Pure o.



Marduk made the world by wrestling with the dragon...
Only by fighting to the bitter end...

The piece of paper - the letter - that husband and I signed, saying: We give you 30 days notice....
I burnt it on the lawn, last night.

This week has been truly awful

So, what made me burn the letter?

An article in the Guardian, actually.
Written by a person suffering from Pure O...

I'd never heard of it.
The OCD society don't see why such a term is necessary...
But I for one, am very grateful to the person who wrote that account, because it has radically changed our relationship with ex-Service User. Literally, it was as if someone broke down the roof cave-in, that had held us trapped in a dank and dark prison cell ever since we first brought ex-Service User home.

I would never have got to  see that Service User is suffering from a form of OCD without the term Pure O. It explains why he wont go to see a psychotherapist, because the shame of seeing a therapist would be too awful for him to bear...and within this, lies the engine of his 'madness'. Pure O is a parade of obsessional beliefs about oneself, each belief is humiliating, shameful and disgusting, and each 'attack' has two components: the idea (any most awful thing you can think about yourself) followed by the 'cover' (rumination). The cover is the dangerous part for the mind, rather than the intrusive thought. Rumination feels like the wrong word to me so I will stay with my word 'cover'. The cover story will keep Pure O going forever, because it shuts off any truth-seeking. The cover ex-Service User uses is: I should have....in the past.

When he gets to 'I should have...in the past' there is nothing to be said. A 'yes you should have, and what is you would have done - in detail?' type question could appear to be useful in a solution seeking kind of way one may think, and then bring the idea forward into ' so you could do that now, what would the first task be I wonder?' But in practice, this doesn't lead anywhere good.

According to people who understand Pure O, it is the negative belief alone that needs to be worked upon. Counterintuitivly the recommendation is to disrupt the rumination by pouring fuel onto the fire, rather than attempting (as we have generally tried to do) to shut it down. Attempting to shut down a thought makes it pop up stronger and more determined to be heard...so....the way out is for the thinker to elaborate on the negative belief, to push it, to seek it out, to climb into it, to ultimately wear it out....So when the negative belief starts to paralyze ex-Service User and he begins to pace - he has gone straight from negative belief into rumination.

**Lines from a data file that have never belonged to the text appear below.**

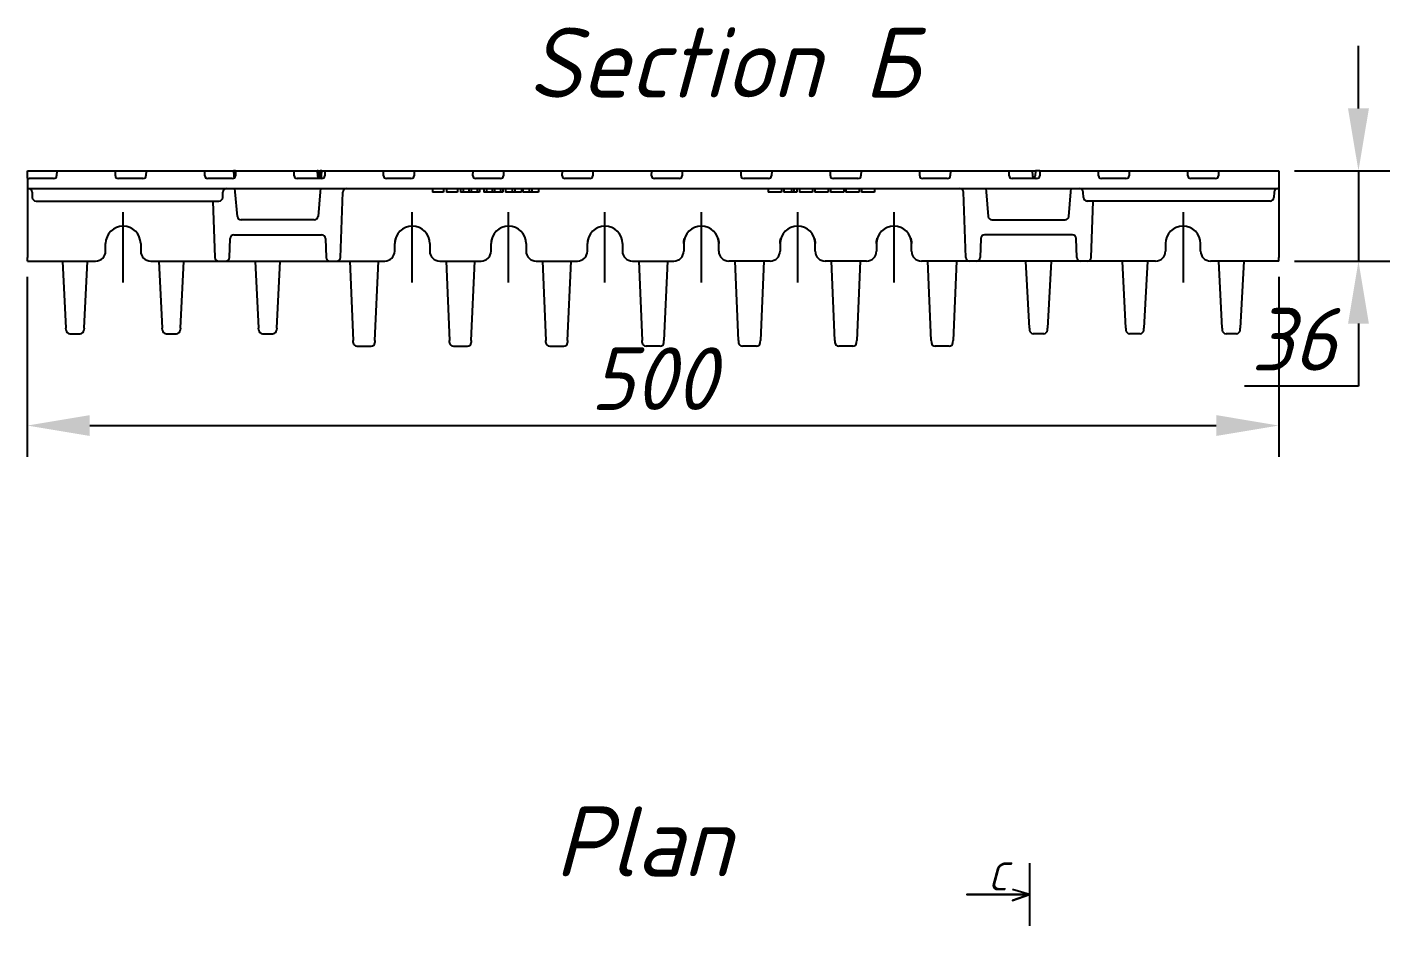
# Model space of a CAD drawing. Header units: millimetres. Extents: x 29006 to 29645, y 5570 to 5801.
# Drawn here: x 29502.1 to 29556.5, y 5762.5 to 5798.4 of the extents above; entities that cross this region are included whole.
import ezdxf

# ---------------------------------------------------------------- set-up
doc = ezdxf.new("R2010")
doc.units = ezdxf.units.MM
doc.styles.add('GOST-2.304_Type-B_italic', font='')
doc.styles.get('GOST-2.304_Type-B_italic').set_extended_font_data('GOST Common', italic=True)
doc.dimstyles.new('ISO-25', dxfattribs={"dimtxt": 2.5, "dimasz": 2.5, "dimexe": 1.25, "dimexo": 0.625, "dimtad": 1, "dimtoh": 1, "dimtxsty": 'GOST-2.304_Type-B_italic', "dimcen": 2.5, "dimadec": 0, "dimazin": 0, "dimtfac": 1, "dimtmove": 0, "dimatfit": 3, "dimfxl": 1, "dimarcsym": 0})

# ---------------------------------------------------------------- blocks, each defined once
blk = doc.blocks.new('*D21')
at = {"color": 0, "lineweight": -2, "transparency": 16777216}
for p, q in [((29502.096, 5788.455), (29502.096, 5781.269)), ((29552.103, 5788.465), (29552.103, 5781.269)), ((29504.596, 5782.519), (29549.603, 5782.519))]:
    blk.add_line(p, q, dxfattribs=at)
at = {"color": 0, "transparency": 16777216}
for points in [[(29504.596, 5782.936), (29504.596, 5782.102), (29502.096, 5782.519)], [(29549.603, 5782.936), (29549.603, 5782.102), (29552.103, 5782.519)]]:
    blk.add_solid(points, dxfattribs=at)
at = {"layer": 'Defpoints', "color": 0, "transparency": 16777216}
for p in [(29502.096, 5789.08), (29552.103, 5789.09), (29552.103, 5782.519)]:
    blk.add_point(p, dxfattribs=at)
at = {"color": 0, "transparency": 16777216, "insert": (29527.099, 5784.394), "char_height": 2.5, "attachment_point": 5, "style": 'GOST-2.304_Type-B_italic'}
blk.add_mtext('500', dxfattribs=at)
blk = doc.blocks.new('*D44')
at = {"color": 0, "lineweight": -2, "transparency": 16777216}
for p, q in [((29555.288, 5795.19), (29555.288, 5797.69)), ((29552.728, 5792.69), (29556.538, 5792.69)), ((29555.288, 5792.69), (29555.288, 5789.09)), ((29552.728, 5789.09), (29556.538, 5789.09)), ((29555.288, 5786.59), (29555.288, 5784.09)), ((29555.288, 5784.09), (29550.734, 5784.09))]:
    blk.add_line(p, q, dxfattribs=at)
at = {"color": 0, "transparency": 16777216}
for points in [[(29554.871, 5795.19), (29555.705, 5795.19), (29555.288, 5792.69)], [(29554.871, 5786.59), (29555.705, 5786.59), (29555.288, 5789.09)]]:
    blk.add_solid(points, dxfattribs=at)
at = {"layer": 'Defpoints', "color": 0, "transparency": 16777216}
for p in [(29552.103, 5792.69), (29552.103, 5789.09), (29555.288, 5789.09)]:
    blk.add_point(p, dxfattribs=at)
at = {"color": 0, "transparency": 16777216, "insert": (29552.699, 5785.965), "char_height": 2.5, "attachment_point": 5, "style": 'GOST-2.304_Type-B_italic'}
blk.add_mtext('36', dxfattribs=at)

msp = doc.modelspace()

# ---------------------------------------------------------------- linework, layer by layer
at = {"color": 0}
for p, q in [((29502.103, 5792.406), (29502.103, 5792.69)), ((29502.103, 5792.69), (29503.274, 5792.69)), ((29503.274, 5792.69), (29503.269, 5792.49)), ((29503.274, 5792.69), (29505.624, 5792.69)), ((29505.619, 5792.49), (29505.624, 5792.69)), ((29505.624, 5792.69), (29506.845, 5792.69)), ((29506.845, 5792.69), (29506.84, 5792.49)), ((29506.845, 5792.69), (29509.195, 5792.69)), ((29509.19, 5792.49), (29509.195, 5792.69)), ((29509.195, 5792.69), (29510.332, 5792.69)), ((29510.332, 5792.69), (29510.35, 5792.49)), ((29510.416, 5792.69), (29510.332, 5792.69)), ((29510.416, 5792.69), (29510.411, 5792.49)), ((29510.416, 5792.69), (29512.766, 5792.69)), ((29512.761, 5792.49), (29512.766, 5792.69)), ((29512.766, 5792.69), (29513.68, 5792.69)), ((29513.68, 5792.69), (29513.692, 5792.49)), ((29513.724, 5792.69), (29513.68, 5792.69)), ((29513.724, 5792.69), (29513.742, 5792.69)), ((29513.742, 5792.69), (29513.737, 5792.49)), ((29513.742, 5792.69), (29513.796, 5792.69)), ((29513.873, 5792.69), (29513.796, 5792.69)), ((29513.856, 5792.49), (29513.873, 5792.69)), ((29513.873, 5792.69), (29513.987, 5792.69)), ((29513.987, 5792.69), (29513.982, 5792.49)), ((29513.987, 5792.69), (29516.337, 5792.69)), ((29516.332, 5792.49), (29516.337, 5792.69)), ((29516.337, 5792.69), (29517.558, 5792.69)), ((29517.558, 5792.69), (29517.553, 5792.49)), ((29517.558, 5792.69), (29519.908, 5792.69)), ((29519.903, 5792.49), (29519.908, 5792.69)), ((29519.908, 5792.69), (29521.129, 5792.69)), ((29521.129, 5792.69), (29521.124, 5792.49)), ((29521.129, 5792.69), (29523.479, 5792.69)), ((29523.474, 5792.49), (29523.479, 5792.69)), ((29523.479, 5792.69), (29524.7, 5792.69)), ((29524.7, 5792.69), (29524.695, 5792.49)), ((29524.7, 5792.69), (29527.05, 5792.69)), ((29527.045, 5792.49), (29527.05, 5792.69)), ((29527.05, 5792.69), (29528.271, 5792.69)), ((29528.271, 5792.69), (29528.266, 5792.49)), ((29528.271, 5792.69), (29530.621, 5792.69)), ((29530.616, 5792.49), (29530.621, 5792.69)), ((29530.621, 5792.69), (29531.842, 5792.69)), ((29531.842, 5792.69), (29531.837, 5792.49)), ((29531.842, 5792.69), (29534.192, 5792.69)), ((29534.187, 5792.49), (29534.192, 5792.69)), ((29534.192, 5792.69), (29535.413, 5792.69)), ((29535.413, 5792.69), (29535.408, 5792.49)), ((29535.413, 5792.69), (29537.763, 5792.69)), ((29537.758, 5792.49), (29537.763, 5792.69)), ((29537.763, 5792.69), (29538.984, 5792.69)), ((29538.984, 5792.69), (29538.979, 5792.49)), ((29538.984, 5792.69), (29541.334, 5792.69)), ((29541.329, 5792.49), (29541.334, 5792.69)), ((29541.334, 5792.69), (29542.248, 5792.69)), ((29542.248, 5792.69), (29542.377, 5792.69)), ((29542.248, 5792.69), (29542.26, 5792.49)), ((29542.377, 5792.69), (29542.365, 5792.49)), ((29542.555, 5792.69), (29542.377, 5792.69)), ((29542.555, 5792.69), (29542.55, 5792.49)), ((29542.555, 5792.69), (29544.905, 5792.69)), ((29544.9, 5792.49), (29544.905, 5792.69)), ((29544.905, 5792.69), (29546.126, 5792.69)), ((29546.126, 5792.69), (29546.121, 5792.49)), ((29546.126, 5792.69), (29548.476, 5792.69)), ((29548.471, 5792.49), (29548.476, 5792.69)), ((29548.476, 5792.69), (29549.697, 5792.69)), ((29549.697, 5792.69), (29549.692, 5792.49)), ((29549.697, 5792.69), (29552.103, 5792.69)), ((29552.103, 5792.69), (29552.103, 5791.99)), ((29502.103, 5792.406), (29502.103, 5791.99)), ((29503.145, 5792.39), (29502.168, 5792.39)), ((29506.716, 5792.39), (29505.739, 5792.39)), ((29510.287, 5792.39), (29509.31, 5792.39)), ((29510.35, 5792.49), (29510.357, 5792.408)), ((29513.858, 5792.39), (29512.881, 5792.39)), ((29513.849, 5792.412), (29513.856, 5792.49)), ((29517.429, 5792.39), (29516.452, 5792.39)), ((29521, 5792.39), (29520.023, 5792.39)), ((29524.571, 5792.39), (29523.594, 5792.39)), ((29528.142, 5792.39), (29527.165, 5792.39)), ((29531.713, 5792.39), (29530.736, 5792.39)), ((29535.284, 5792.39), (29534.307, 5792.39)), ((29538.855, 5792.39), (29537.878, 5792.39)), ((29542.426, 5792.39), (29541.449, 5792.39)), ((29545.997, 5792.39), (29545.02, 5792.39)), ((29549.568, 5792.39), (29548.591, 5792.39)), ((29502.103, 5791.99), (29552.103, 5791.99)), ((29502.103, 5791.99), (29502.103, 5791.846)), ((29502.103, 5791.846), (29502.103, 5789.235)), ((29502.29, 5791.846), (29502.298, 5791.635)), ((29509.906, 5791.635), (29509.914, 5791.846)), ((29510.405, 5791.854), (29510.393, 5791.99)), ((29510.491, 5790.877), (29510.405, 5791.854)), ((29513.8, 5791.854), (29513.715, 5790.877)), ((29513.812, 5791.99), (29513.8, 5791.854)), ((29514.608, 5789.235), (29514.699, 5791.846)), ((29518.293, 5791.99), (29518.293, 5791.84)), ((29518.518, 5791.84), (29518.293, 5791.84)), ((29518.733, 5791.84), (29518.518, 5791.84)), ((29518.733, 5791.99), (29518.733, 5791.84)), ((29518.852, 5791.99), (29518.852, 5791.84)), ((29519.077, 5791.84), (29518.852, 5791.84)), ((29519.292, 5791.84), (29519.077, 5791.84)), ((29519.292, 5791.99), (29519.292, 5791.84)), ((29519.409, 5791.99), (29519.409, 5791.84)), ((29519.511, 5791.84), (29519.409, 5791.84)), ((29519.511, 5791.99), (29519.511, 5791.84)), ((29519.744, 5791.84), (29519.511, 5791.84)), ((29519.744, 5791.99), (29519.744, 5791.84)), ((29519.839, 5791.84), (29519.744, 5791.84)), ((29519.839, 5791.99), (29519.839, 5791.84)), ((29520.071, 5791.84), (29519.839, 5791.84)), ((29520.071, 5791.99), (29520.071, 5791.84)), ((29520.173, 5791.84), (29520.071, 5791.84)), ((29520.173, 5791.99), (29520.173, 5791.84)), ((29520.34, 5791.99), (29520.34, 5791.84)), ((29520.442, 5791.84), (29520.34, 5791.84)), ((29520.442, 5791.99), (29520.442, 5791.84)), ((29520.675, 5791.84), (29520.442, 5791.84)), ((29520.675, 5791.99), (29520.675, 5791.84)), ((29520.77, 5791.84), (29520.675, 5791.84)), ((29520.77, 5791.99), (29520.77, 5791.84)), ((29521.002, 5791.84), (29520.77, 5791.84)), ((29521.002, 5791.99), (29521.002, 5791.84)), ((29521.104, 5791.84), (29521.002, 5791.84)), ((29521.104, 5791.99), (29521.104, 5791.84)), ((29521.209, 5791.99), (29521.209, 5791.84)), ((29521.474, 5791.84), (29521.209, 5791.84)), ((29521.474, 5791.99), (29521.474, 5791.84)), ((29521.58, 5791.84), (29521.474, 5791.84)), ((29521.58, 5791.99), (29521.58, 5791.84)), ((29521.844, 5791.84), (29521.58, 5791.84)), ((29521.844, 5791.99), (29521.844, 5791.84)), ((29521.892, 5791.99), (29521.892, 5791.84)), ((29522.157, 5791.84), (29521.892, 5791.84)), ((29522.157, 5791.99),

Pacing in his case isn't (to use another jargon term) agitation, it is an OCD behavior to shut down his mind.

OK, well all that is a fairly radical shift in perspectives for us, and it makes sense. My problem now is how to find a therapist? It doesn't matter how much I say talking to a therapist will not mean he/she will instantly call the police....His Pure O absolutly tells him otherwise.

On a positive note, I prefer to be positive about things, and pushing the negative beliefs, asking ex-Service User to go into detail and not being shocked, is somehow a more joyous challenge than trying to avoid the outbreaks of crazy thinking. The danger with how it appears, in the way that he presents his anxiety is that he doesn't sound crazy. He will tell people that he has done awful things and he is truly sorry and.....that he needed help when he was a child....and that now it is all too late. He needs you to think he is as bad as he says he is....

And the kind answer from kind people is along the lines of: that must be so hard for you, none of it is your fault confirms that he really did something bad and that there is a fault somewhere...and this feeds his Pure O.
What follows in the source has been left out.